Russia is a Tier 2 nation after falling in the HSBC 7s Series last year and my goal is to get them in Tier 1 within the next two years.
There is an imbalance experience-wise between Tier 1 and Tier 2
and hopefully I’ll be able to help Russia to rectify this imbalance.
With technology and advice today at your disposal it is not difficult to do this. You can get clips of each player in a team and work out a counter attack for your team when they play against the different opponents.
I am trying to set up structures in Russia to assist with
this. It is very important to have academies in your country to produce players on a regular basis to fill the shoes of the senior players if they decide to leave sevens to pursue a career in 15s. I am currently working out structures to benefit sevens players in Russia and create a clear pathway for the 7s programme, set the big goals and the small goals to get us there, “ Serevi said.
He also said that today it is not easy to say who is going to win when two teams are running onto the field during the HSBC Sevens Series, and he believes that’s the beauty of 7s now and its a level playing field, whoever turns up and do the right thing, wins that game.
“Gone are the days when it was a given that either Fiji or New Zealand will hold the trophy aloft, because the USA, England, South Africa and Argentina are forces to be reckoned with.
South Africa has won back-to-back and is the current title-holders. With four tournaments done and dusted and six left every team is out to beat South Africa. The fact that six of their key players are lost to sevens due to them playing fifteens is not a situation that I would wish on any coach.
We all are aware that Neil Powell is now busy rebuilding the team and he is slowly blending the youth with the experienced players,” he said
The six players that are not in current the SA Sevens team are Seabelo Senatla, Kwagga Smith, Ruhan Nel, Rosko Speckman, Dylan Sage and Tim Agaba and they were the core players in the Blitzboks.
With twenty plus tournaments per player, Powell not only lost experience but also the gelling of the team.

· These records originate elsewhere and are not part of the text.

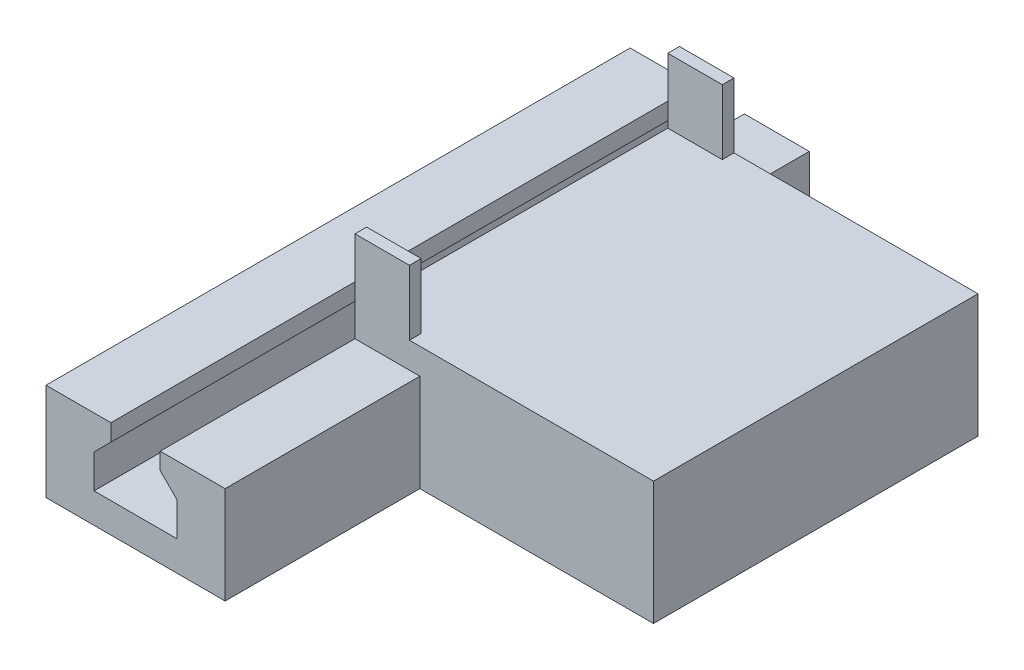
ISO-10303-21;
HEADER;
FILE_DESCRIPTION(('STEP AP214'),'2;1');
FILE_NAME('part.step','',(''),(''),'','','');
FILE_SCHEMA(('AUTOMOTIVE_DESIGN { 1 0 10303 214 1 1 1 1 }'));
ENDSEC;
DATA;
#1=APPLICATION_CONTEXT('core data for automotive mechanical design processes');
#2=APPLICATION_PROTOCOL_DEFINITION('international standard','automotive_design',2000,#1);
#3=PRODUCT_CONTEXT('',#1,'mechanical');
#4=PRODUCT('Part','Part','',(#3));
#5=PRODUCT_RELATED_PRODUCT_CATEGORY('part','',(#4));
#6=PRODUCT_DEFINITION_FORMATION('','',#4);
#7=PRODUCT_DEFINITION_CONTEXT('part definition',#1,'design');
#8=PRODUCT_DEFINITION('design','',#6,#7);
#9=PRODUCT_DEFINITION_SHAPE('','',#8);
#10=(LENGTH_UNIT() NAMED_UNIT(*) SI_UNIT(.MILLI.,.METRE.));
#11=(NAMED_UNIT(*) PLANE_ANGLE_UNIT() SI_UNIT($,.RADIAN.));
#12=(NAMED_UNIT(*) SI_UNIT($,.STERADIAN.) SOLID_ANGLE_UNIT());
#13=UNCERTAINTY_MEASURE_WITH_UNIT(LENGTH_MEASURE(1.E-05),#10,'distance_accuracy_value','');
#14=(GEOMETRIC_REPRESENTATION_CONTEXT(3) GLOBAL_UNCERTAINTY_ASSIGNED_CONTEXT((#13)) GLOBAL_UNIT_ASSIGNED_CONTEXT((#10,
#11,#12)) REPRESENTATION_CONTEXT('',''));
#15=CARTESIAN_POINT('',(0.,0.,0.));
#16=DIRECTION('',(0.,0.,1.));
#17=DIRECTION('',(1.,0.,0.));
#18=AXIS2_PLACEMENT_3D('',#15,#16,#17);
#19=CARTESIAN_POINT('',(0.,7.2,0.));
#20=DIRECTION('',(0.,1.,0.));
#21=DIRECTION('',(-1.,0.,0.));
#22=AXIS2_PLACEMENT_3D('',#19,#20,#21);
#23=PLANE('',#22);
#24=DIRECTION('',(0.,0.,-1.));
#25=VECTOR('',#24,1.);
#26=CARTESIAN_POINT('',(6.1,7.2,5.));
#27=LINE('',#26,#25);
#28=CARTESIAN_POINT('',(6.1,7.2,5.9));
#29=VERTEX_POINT('',#28);
#30=CARTESIAN_POINT('',(6.1,7.2,5.));
#31=VERTEX_POINT('',#30);
#32=EDGE_CURVE('E52',#29,#31,#27,.T.);
#33=ORIENTED_EDGE('',*,*,#32,.F.);
#34=DIRECTION('',(1.,0.,0.));
#35=VECTOR('',#34,1.);
#36=CARTESIAN_POINT('',(1.9,7.2,5.9));
#37=LINE('',#36,#35);
#38=CARTESIAN_POINT('',(1.9,7.2,5.90000000000001));
#39=VERTEX_POINT('',#38);
#40=EDGE_CURVE('E56',#39,#29,#37,.T.);
#41=ORIENTED_EDGE('',*,*,#40,.F.);
#42=DIRECTION('',(0.,0.,1.));
#43=VECTOR('',#42,1.);
#44=CARTESIAN_POINT('',(1.9,7.2,30.));
#45=LINE('',#44,#43);
#46=CARTESIAN_POINT('',(1.9,7.2,29.1));
#47=VERTEX_POINT('',#46);
#48=EDGE_CURVE('E258',#39,#47,#45,.T.);
#49=ORIENTED_EDGE('',*,*,#48,.T.);
#50=DIRECTION('',(-1.,0.,0.));
#51=VECTOR('',#50,1.);
#52=CARTESIAN_POINT('',(1.9,7.2,29.1));
#53=LINE('',#52,#51);
#54=CARTESIAN_POINT('',(6.1,7.2,29.1));
#55=VERTEX_POINT('',#54);
#56=EDGE_CURVE('E232',#55,#47,#53,.T.);
#57=ORIENTED_EDGE('',*,*,#56,.F.);
#58=DIRECTION('',(0.,0.,-1.));
#59=VECTOR('',#58,1.);
#60=CARTESIAN_POINT('',(6.1,7.2,30.));
#61=LINE('',#60,#59);
#62=CARTESIAN_POINT('',(6.1,7.2,30.));
#63=VERTEX_POINT('',#62);
#64=EDGE_CURVE('E239',#63,#55,#61,.T.);
#65=ORIENTED_EDGE('',*,*,#64,.F.);
#66=DIRECTION('',(1.,0.,0.));
#67=VECTOR('',#66,1.);
#68=CARTESIAN_POINT('',(24.9,7.2,30.));
#69=LINE('',#68,#67);
#70=CARTESIAN_POINT('',(24.9,7.2,30.));
#71=VERTEX_POINT('',#70);
#72=EDGE_CURVE('E260',#63,#71,#69,.T.);
#73=ORIENTED_EDGE('',*,*,#72,.T.);
#74=DIRECTION('',(0.,0.,-1.));
#75=VECTOR('',#74,1.);
#76=CARTESIAN_POINT('',(24.9,7.2,30.));
#77=LINE('',#76,#75);
#78=CARTESIAN_POINT('',(24.9,7.2,5.));
#79=VERTEX_POINT('',#78);
#80=EDGE_CURVE('E252',#71,#79,#77,.T.);
#81=ORIENTED_EDGE('',*,*,#80,.T.);
#82=DIRECTION('',(-1.,0.,0.));
#83=VECTOR('',#82,1.);
#84=CARTESIAN_POINT('',(24.9,7.2,5.));
#85=LINE('',#84,#83);
#86=EDGE_CURVE('E255',#79,#31,#85,.T.);
#87=ORIENTED_EDGE('',*,*,#86,.T.);
#88=EDGE_LOOP('',(#33,#41,#49,#57,#65,#73,#81,#87));
#89=FACE_BOUND('',#88,.T.);
#90=ADVANCED_FACE('F37',(#89),#23,.T.);
#91=CARTESIAN_POINT('',(6.9,5.2,45.));
#92=DIRECTION('',(0.,-1.,0.));
#93=DIRECTION('',(1.,0.,0.));
#94=AXIS2_PLACEMENT_3D('',#91,#92,#93);
#95=PLANE('',#94);
#96=DIRECTION('',(-1.,0.,0.));
#97=VECTOR('',#96,1.);
#98=CARTESIAN_POINT('',(24.9,5.2,5.));
#99=LINE('',#98,#97);
#100=CARTESIAN_POINT('',(6.9,5.2,5.));
#101=VERTEX_POINT('',#100);
#102=CARTESIAN_POINT('',(1.9,5.2,5.));
#103=VERTEX_POINT('',#102);
#104=EDGE_CURVE('E202',#101,#103,#99,.T.);
#105=ORIENTED_EDGE('',*,*,#104,.F.);
#106=DIRECTION('',(0.,0.,-1.));
#107=VECTOR('',#106,1.);
#108=CARTESIAN_POINT('',(6.9,5.2,45.));
#109=LINE('',#108,#107);
#110=CARTESIAN_POINT('',(6.9,5.2,0.));
#111=VERTEX_POINT('',#110);
#112=EDGE_CURVE('E345',#101,#111,#109,.T.);
#113=ORIENTED_EDGE('',*,*,#112,.T.);
#114=DIRECTION('',(-1.,0.,0.));
#115=VECTOR('',#114,1.);
#116=CARTESIAN_POINT('',(6.9,5.2,0.));
#117=LINE('',#116,#115);
#118=CARTESIAN_POINT('',(1.9,5.2,0.));
#119=VERTEX_POINT('',#118);
#120=EDGE_CURVE('E330',#111,#119,#117,.T.);
#121=ORIENTED_EDGE('',*,*,#120,.T.);
#122=DIRECTION('',(0.,0.,-1.));
#123=VECTOR('',#122,1.);
#124=CARTESIAN_POINT('',(1.9,5.2,45.));
#125=LINE('',#124,#123);
#126=EDGE_CURVE('E341',#103,#119,#125,.T.);
#127=ORIENTED_EDGE('',*,*,#126,.F.);
#128=EDGE_LOOP('',(#105,#113,#121,#127));
#129=FACE_BOUND('',#128,.T.);
#130=ADVANCED_FACE('F406',(#129),#95,.F.);
#131=DIRECTION('',(1.,0.,0.));
#132=VECTOR('',#131,1.);
#133=CARTESIAN_POINT('',(24.9,5.2,30.));
#134=LINE('',#133,#132);
#135=CARTESIAN_POINT('',(1.9,5.2,30.));
#136=VERTEX_POINT('',#135);
#137=CARTESIAN_POINT('',(6.9,5.2,30.));
#138=VERTEX_POINT('',#137);
#139=EDGE_CURVE('E256',#136,#138,#134,.T.);
#140=ORIENTED_EDGE('',*,*,#139,.F.);
#141=CARTESIAN_POINT('',(1.9,5.2,45.));
#142=VERTEX_POINT('',#141);
#143=EDGE_CURVE('E342',#142,#136,#125,.T.);
#144=ORIENTED_EDGE('',*,*,#143,.F.);
#145=DIRECTION('',(-1.,0.,0.));
#146=VECTOR('',#145,1.);
#147=CARTESIAN_POINT('',(6.9,5.2,45.));
#148=LINE('',#147,#146);
#149=CARTESIAN_POINT('',(6.9,5.2,45.));
#150=VERTEX_POINT('',#149);
#151=EDGE_CURVE('E303',#150,#142,#148,.T.);
#152=ORIENTED_EDGE('',*,*,#151,.F.);
#153=EDGE_CURVE('E346',#150,#138,#109,.T.);
#154=ORIENTED_EDGE('',*,*,#153,.T.);
#155=EDGE_LOOP('',(#140,#144,#152,#154));
#156=FACE_BOUND('',#155,.T.);
#157=ADVANCED_FACE('F438',(#156),#95,.F.);
#158=CARTESIAN_POINT('',(6.9,-2.3,45.));
#159=DIRECTION('',(-1.,0.,0.));
#160=DIRECTION('',(0.,0.,1.));
#161=AXIS2_PLACEMENT_3D('',#158,#159,#160);
#162=PLANE('',#161);
#163=DIRECTION('',(0.,-1.,0.));
#164=VECTOR('',#163,1.);
#165=CARTESIAN_POINT('',(6.9,-2.3,30.));
#166=LINE('',#165,#164);
#167=CARTESIAN_POINT('',(6.9,-2.3,30.));
#168=VERTEX_POINT('',#167);
#169=EDGE_CURVE('E206',#138,#168,#166,.T.);
#170=ORIENTED_EDGE('',*,*,#169,.F.);
#171=ORIENTED_EDGE('',*,*,#153,.F.);
#172=DIRECTION('',(0.,1.,0.));
#173=VECTOR('',#172,1.);
#174=CARTESIAN_POINT('',(6.9,-2.3,45.));
#175=LINE('',#174,#173);
#176=CARTESIAN_POINT('',(6.9,-2.3,45.));
#177=VERTEX_POINT('',#176);
#178=EDGE_CURVE('E301',#177,#150,#175,.T.);
#179=ORIENTED_EDGE('',*,*,#178,.F.);
#180=DIRECTION('',(0.,0.,-1.));
#181=VECTOR('',#180,1.);
#182=CARTESIAN_POINT('',(6.9,-2.3,45.));
#183=LINE('',#182,#181);
#184=EDGE_CURVE('E350',#177,#168,#183,.T.);
#185=ORIENTED_EDGE('',*,*,#184,.T.);
#186=EDGE_LOOP('',(#170,#171,#179,#185));
#187=FACE_BOUND('',#186,.T.);
#188=ADVANCED_FACE('F462',(#187),#162,.F.);
#189=DIRECTION('',(0.,1.,0.));
#190=VECTOR('',#189,1.);
#191=CARTESIAN_POINT('',(6.9,-2.3,5.));
#192=LINE('',#191,#190);
#193=CARTESIAN_POINT('',(6.9,-2.3,5.00000000000001));
#194=VERTEX_POINT('',#193);
#195=EDGE_CURVE('E269',#194,#101,#192,.T.);
#196=ORIENTED_EDGE('',*,*,#195,.F.);
#197=CARTESIAN_POINT('',(6.9,-2.3,0.));
#198=VERTEX_POINT('',#197);
#199=EDGE_CURVE('E349',#194,#198,#183,.T.);
#200=ORIENTED_EDGE('',*,*,#199,.T.);
#201=DIRECTION('',(0.,1.,0.));
#202=VECTOR('',#201,1.);
#203=CARTESIAN_POINT('',(6.9,-2.3,0.));
#204=LINE('',#203,#202);
#205=EDGE_CURVE('E327',#198,#111,#204,.T.);
#206=ORIENTED_EDGE('',*,*,#205,.T.);
#207=ORIENTED_EDGE('',*,*,#112,.F.);
#208=EDGE_LOOP('',(#196,#200,#206,#207));
#209=FACE_BOUND('',#208,.T.);
#210=ADVANCED_FACE('F412',(#209),#162,.F.);
#211=CARTESIAN_POINT('',(3.2,0.,45.));
#212=DIRECTION('',(1.,0.,0.));
#213=DIRECTION('',(0.,0.,-1.));
#214=AXIS2_PLACEMENT_3D('',#211,#212,#213);
#215=PLANE('',#214);
#216=DIRECTION('',(0.,-1.,0.));
#217=VECTOR('',#216,1.);
#218=CARTESIAN_POINT('',(3.2,0.,0.));
#219=LINE('',#218,#217);
#220=CARTESIAN_POINT('',(3.2,2.6,0.));
#221=VERTEX_POINT('',#220);
#222=CARTESIAN_POINT('',(3.2,0.,0.));
#223=VERTEX_POINT('',#222);
#224=EDGE_CURVE('E282',#221,#223,#219,.T.);
#225=ORIENTED_EDGE('',*,*,#224,.T.);
#226=DIRECTION('',(0.,0.,-1.));
#227=VECTOR('',#226,1.);
#228=CARTESIAN_POINT('',(3.2,0.,45.));
#229=LINE('',#228,#227);
#230=CARTESIAN_POINT('',(3.2,0.,45.));
#231=VERTEX_POINT('',#230);
#232=EDGE_CURVE('E11',#231,#223,#229,.T.);
#233=ORIENTED_EDGE('',*,*,#232,.F.);
#234=DIRECTION('',(0.,-1.,0.));
#235=VECTOR('',#234,1.);
#236=CARTESIAN_POINT('',(3.2,0.,45.));
#237=LINE('',#236,#235);
#238=CARTESIAN_POINT('',(3.2,2.6,45.));
#239=VERTEX_POINT('',#238);
#240=EDGE_CURVE('E283',#239,#231,#237,.T.);
#241=ORIENTED_EDGE('',*,*,#240,.F.);
#242=DIRECTION('',(0.,0.,-1.));
#243=VECTOR('',#242,1.);
#244=CARTESIAN_POINT('',(3.2,2.6,45.));
#245=LINE('',#244,#243);
#246=EDGE_CURVE('E309',#239,#221,#245,.T.);
#247=ORIENTED_EDGE('',*,*,#246,.T.);
#248=EDGE_LOOP('',(#225,#233,#241,#247));
#249=FACE_BOUND('',#248,.T.);
#250=ADVANCED_FACE('F39',(#249),#215,.F.);
#251=CARTESIAN_POINT('',(-3.2,0.,45.));
#252=DIRECTION('',(0.,-1.,0.));
#253=DIRECTION('',(0.,0.,-1.));
#254=AXIS2_PLACEMENT_3D('',#251,#252,#253);
#255=PLANE('',#254);
#256=DIRECTION('',(-1.,0.,0.));
#257=VECTOR('',#256,1.);
#258=CARTESIAN_POINT('',(-3.2,0.,0.));
#259=LINE('',#258,#257);
#260=CARTESIAN_POINT('',(-3.2,0.,0.));
#261=VERTEX_POINT('',#260);
#262=EDGE_CURVE('E312',#223,#261,#259,.T.);
#263=ORIENTED_EDGE('',*,*,#262,.T.);
#264=DIRECTION('',(0.,0.,-1.));
#265=VECTOR('',#264,1.);
#266=CARTESIAN_POINT('',(-3.2,0.,45.));
#267=LINE('',#266,#265);
#268=CARTESIAN_POINT('',(-3.2,0.,45.));
#269=VERTEX_POINT('',#268);
#270=EDGE_CURVE('E45',#269,#261,#267,.T.);
#271=ORIENTED_EDGE('',*,*,#270,.F.);
#272=DIRECTION('',(-1.,0.,0.));
#273=VECTOR('',#272,1.);
#274=CARTESIAN_POINT('',(-3.2,0.,45.));
#275=LINE('',#274,#273);
#276=EDGE_CURVE('E286',#231,#269,#275,.T.);
#277=ORIENTED_EDGE('',*,*,#276,.F.);
#278=ORIENTED_EDGE('',*,*,#232,.T.);
#279=EDGE_LOOP('',(#263,#271,#277,#278));
#280=FACE_BOUND('',#279,.T.);
#281=ADVANCED_FACE('F394',(#280),#255,.F.);
#282=CARTESIAN_POINT('',(-3.2,0.,45.));
#283=DIRECTION('',(-1.,0.,0.));
#284=DIRECTION('',(0.,0.,1.));
#285=AXIS2_PLACEMENT_3D('',#282,#283,#284);
#286=PLANE('',#285);
#287=DIRECTION('',(0.,1.,0.));
#288=VECTOR('',#287,1.);
#289=CARTESIAN_POINT('',(-3.2,0.,0.));
#290=LINE('',#289,#288);
#291=CARTESIAN_POINT('',(-3.2,2.6,0.));
#292=VERTEX_POINT('',#291);
#293=EDGE_CURVE('E314',#261,#292,#290,.T.);
#294=ORIENTED_EDGE('',*,*,#293,.T.);
#295=DIRECTION('',(0.,0.,-1.));
#296=VECTOR('',#295,1.);
#297=CARTESIAN_POINT('',(-3.2,2.6,45.));
#298=LINE('',#297,#296);
#299=CARTESIAN_POINT('',(-3.2,2.6,45.));
#300=VERTEX_POINT('',#299);
#301=EDGE_CURVE('E364',#300,#292,#298,.T.);
#302=ORIENTED_EDGE('',*,*,#301,.F.);
#303=DIRECTION('',(0.,1.,0.));
#304=VECTOR('',#303,1.);
#305=CARTESIAN_POINT('',(-3.2,0.,45.));
#306=LINE('',#305,#304);
#307=EDGE_CURVE('E289',#269,#300,#306,.T.);
#308=ORIENTED_EDGE('',*,*,#307,.F.);
#309=ORIENTED_EDGE('',*,*,#270,.T.);
#310=EDGE_LOOP('',(#294,#302,#308,#309));
#311=FACE_BOUND('',#310,.T.);
#312=ADVANCED_FACE('F371',(#311),#286,.F.);
#313=CARTESIAN_POINT('',(-3.2,2.6,45.));
#314=DIRECTION('',(-0.707106781186547,0.707106781186547,0.));
#315=DIRECTION('',(-0.707106781186548,-0.707106781186548,0.));
#316=AXIS2_PLACEMENT_3D('',#313,#314,#315);
#317=PLANE('',#316);
#318=DIRECTION('',(0.707106781186547,0.707106781186547,0.));
#319=VECTOR('',#318,1.);
#320=CARTESIAN_POINT('',(-3.2,2.6,0.));
#321=LINE('',#320,#319);
#322=CARTESIAN_POINT('',(-1.9,3.9,0.));
#323=VERTEX_POINT('',#322);
#324=EDGE_CURVE('E316',#292,#323,#321,.T.);
#325=ORIENTED_EDGE('',*,*,#324,.T.);
#326=DIRECTION('',(0.,0.,-1.));
#327=VECTOR('',#326,1.);
#328=CARTESIAN_POINT('',(-1.9,3.9,45.));
#329=LINE('',#328,#327);
#330=CARTESIAN_POINT('',(-1.9,3.9,45.));
#331=VERTEX_POINT('',#330);
#332=EDGE_CURVE('E361',#331,#323,#329,.T.);
#333=ORIENTED_EDGE('',*,*,#332,.F.);
#334=DIRECTION('',(0.707106781186547,0.707106781186547,0.));
#335=VECTOR('',#334,1.);
#336=CARTESIAN_POINT('',(-3.2,2.6,45.));
#337=LINE('',#336,#335);
#338=EDGE_CURVE('E291',#300,#331,#337,.T.);
#339=ORIENTED_EDGE('',*,*,#338,.F.);
#340=ORIENTED_EDGE('',*,*,#301,.T.);
#341=EDGE_LOOP('',(#325,#333,#339,#340));
#342=FACE_BOUND('',#341,.T.);
#343=ADVANCED_FACE('F382',(#342),#317,.F.);
#344=CARTESIAN_POINT('',(-1.9,5.2,45.));
#345=DIRECTION('',(-1.,0.,0.));
#346=DIRECTION('',(0.,-1.,0.));
#347=AXIS2_PLACEMENT_3D('',#344,#345,#346);
#348=PLANE('',#347);
#349=DIRECTION('',(0.,1.,0.));
#350=VECTOR('',#349,1.);
#351=CARTESIAN_POINT('',(-1.9,5.2,0.));
#352=LINE('',#351,#350);
#353=CARTESIAN_POINT('',(-1.9,5.2,0.));
#354=VERTEX_POINT('',#353);
#355=EDGE_CURVE('E318',#323,#354,#352,.T.);
#356=ORIENTED_EDGE('',*,*,#355,.T.);
#357=DIRECTION('',(0.,0.,-1.));
#358=VECTOR('',#357,1.);
#359=CARTESIAN_POINT('',(-1.9,5.2,45.));
#360=LINE('',#359,#358);
#361=CARTESIAN_POINT('',(-1.9,5.2,45.));
#362=VERTEX_POINT('',#361);
#363=EDGE_CURVE('E358',#362,#354,#360,.T.);
#364=ORIENTED_EDGE('',*,*,#363,.F.);
#365=DIRECTION('',(0.,1.,0.));
#366=VECTOR('',#365,1.);
#367=CARTESIAN_POINT('',(-1.9,5.2,45.));
#368=LINE('',#367,#366);
#369=EDGE_CURVE('E293',#331,#362,#368,.T.);
#370=ORIENTED_EDGE('',*,*,#369,.F.);
#371=ORIENTED_EDGE('',*,*,#332,.T.);
#372=EDGE_LOOP('',(#356,#364,#370,#371));
#373=FACE_BOUND('',#372,.T.);
#374=ADVANCED_FACE('F386',(#373),#348,.F.);
#375=CARTESIAN_POINT('',(-1.9,5.2,45.));
#376=DIRECTION('',(0.,-1.,0.));
#377=DIRECTION('',(1.,0.,0.));
#378=AXIS2_PLACEMENT_3D('',#375,#376,#377);
#379=PLANE('',#378);
#380=DIRECTION('',(-1.,0.,0.));
#381=VECTOR('',#380,1.);
#382=CARTESIAN_POINT('',(-1.9,5.2,0.));
#383=LINE('',#382,#381);
#384=CARTESIAN_POINT('',(-6.9,5.2,0.));
#385=VERTEX_POINT('',#384);
#386=EDGE_CURVE('E320',#354,#385,#383,.T.);
#387=ORIENTED_EDGE('',*,*,#386,.T.);
#388=DIRECTION('',(0.,0.,-1.));
#389=VECTOR('',#388,1.);
#390=CARTESIAN_POINT('',(-6.9,5.2,45.));
#391=LINE('',#390,#389);
#392=CARTESIAN_POINT('',(-6.9,5.2,45.));
#393=VERTEX_POINT('',#392);
#394=EDGE_CURVE('E355',#393,#385,#391,.T.);
#395=ORIENTED_EDGE('',*,*,#394,.F.);
#396=DIRECTION('',(-1.,0.,0.));
#397=VECTOR('',#396,1.);
#398=CARTESIAN_POINT('',(-1.9,5.2,45.));
#399=LINE('',#398,#397);
#400=EDGE_CURVE('E295',#362,#393,#399,.T.);
#401=ORIENTED_EDGE('',*,*,#400,.F.);
#402=ORIENTED_EDGE('',*,*,#363,.T.);
#403=EDGE_LOOP('',(#387,#395,#401,#402));
#404=FACE_BOUND('',#403,.T.);
#405=ADVANCED_FACE('F424',(#404),#379,.F.);
#406=CARTESIAN_POINT('',(-6.9,5.2,45.));
#407=DIRECTION('',(1.,0.,0.));
#408=DIRECTION('',(0.,1.,0.));
#409=AXIS2_PLACEMENT_3D('',#406,#407,#408);
#410=PLANE('',#409);
#411=DIRECTION('',(0.,-1.,0.));
#412=VECTOR('',#411,1.);
#413=CARTESIAN_POINT('',(-6.9,5.2,0.));
#414=LINE('',#413,#412);
#415=CARTESIAN_POINT('',(-6.9,-2.3,0.));
#416=VERTEX_POINT('',#415);
#417=EDGE_CURVE('E322',#385,#416,#414,.T.);
#418=ORIENTED_EDGE('',*,*,#417,.T.);
#419=DIRECTION('',(0.,0.,-1.));
#420=VECTOR('',#419,1.);
#421=CARTESIAN_POINT('',(-6.9,-2.3,45.));
#422=LINE('',#421,#420);
#423=CARTESIAN_POINT('',(-6.9,-2.3,45.));
#424=VERTEX_POINT('',#423);
#425=EDGE_CURVE('E352',#424,#416,#422,.T.);
#426=ORIENTED_EDGE('',*,*,#425,.F.);
#427=DIRECTION('',(0.,-1.,0.));
#428=VECTOR('',#427,1.);
#429=CARTESIAN_POINT('',(-6.9,5.2,45.));
#430=LINE('',#429,#428);
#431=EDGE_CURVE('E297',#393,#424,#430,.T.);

“The reason why I am in favour of academies or high performance is that the players are playing together for long periods, train together, they can pre-empt what the other one is going to do and they know how to execute the game plan.
There are no margin for errors in a sevens match as that could cost you the game. When these Academy players are drafted into the senior team, you are bound to struggle in the rebuilding phase.
With time everything will get better and this is why I would love to try set up something similar to what I saw here at the SAS Academy in Russia, to benefit the players. As you know, it is winter in Russia with snow, icy winds and cold weather in general.
We are in Cape Town because it is summer and the temperature in Hong Kong is more or less the same as here and the players must get used to playing in extremely hot weather conditions,” Serevi said.
On a question how the Blitzboks can beat Fij he chuckled and said: “I think coach Neil has a fair idea on what to do in Vegas.”
“New Zealand showed the world that Fiji can be beaten. You starve Fiji from the ball to prevent offloads because if you allow them to play off each other then the try is on.
You can’t miss tackles against Fiji, their support is so deadly and you have to bring them down. Keep in mind that the Fijians have long strides and are not easy to catch when they are running pass you.
Most important stick to your game plan and what you believe in and don’t adjust your game plan when playing against Fiji. You will make unforced errors and that is when the Fijians will
capitalize and score tries,” he chuckled.
He has great respect for the Blitzboks who is the current HSBC 7s
Champions 2 Series in a row, and wished them well for the rest of the HSBC 7s Series.
He wants to thank the SAS Academy for the hospitality
that he and the Russian team experienced in Stellenbosch.